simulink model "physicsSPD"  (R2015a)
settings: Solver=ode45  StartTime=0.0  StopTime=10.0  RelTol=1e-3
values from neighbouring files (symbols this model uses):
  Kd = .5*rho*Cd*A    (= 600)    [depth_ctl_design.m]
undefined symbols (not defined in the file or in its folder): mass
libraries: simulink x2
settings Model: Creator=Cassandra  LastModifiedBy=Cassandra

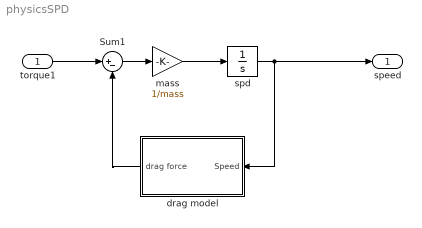
== system physicsSPD ==
  torque1 : Inport
  Sum1 : Sum  Inputs=|+-
  drag model : Subsystem
  mass : Gain  Gain=1/mass
  spd : Integrator
  speed : Outport
  wires:
  mass/1 -> spd/1
  spd/1 -> speed/1, drag model/1(Speed)
  Sum1/1 -> mass/1
  drag model/1(drag force) -> Sum1/2
  torque1/1 -> Sum1/1

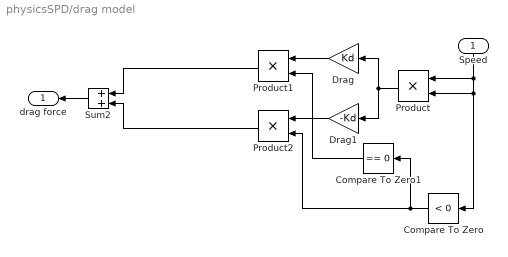
== system physicsSPD/drag model ==
  Speed : Inport
  Compare To Zero : simulink/Logic and Bit Operations/Compare To Zero  relop=<  OutDataTypeStr=boolean
  Compare To Zero1 : simulink/Logic and Bit Operations/Compare To Zero  relop===  OutDataTypeStr=boolean
  Drag : Gain  Gain=Kd
  Drag1 : Gain  Gain=-Kd
  Product : Product
  Product1 : Product
  Product2 : Product
  Sum2 : Sum  Inputs=+|+
  drag force : Outport
  wires:
  Speed/1 -> Product/1, Compare To Zero/1, Product/2
  Drag1/1 -> Product2/1
  Compare To Zero1/1 -> Product1/2
  Product1/1 -> Sum2/1
  Drag/1 -> Product1/1
  Sum2/1 -> drag force/1
  Product/1 -> Drag1/1, Drag/1
  Product2/1 -> Sum2/2
  Compare To Zero/1 -> Product2/2, Compare To Zero1/1

##########

For each line in the entries that holds "Compare", return that line.

**Solution**
  Compare To Zero : simulink/Logic and Bit Operations/Compare To Zero  relop=<  OutDataTypeStr=boolean
  Compare To Zero1 : simulink/Logic and Bit Operations/Compare To Zero  relop===  OutDataTypeStr=boolean
  Speed/1 -> Product/1, Compare To Zero/1, Product/2
  Compare To Zero1/1 -> Product1/2
  Compare To Zero/1 -> Product2/2, Compare To Zero1/1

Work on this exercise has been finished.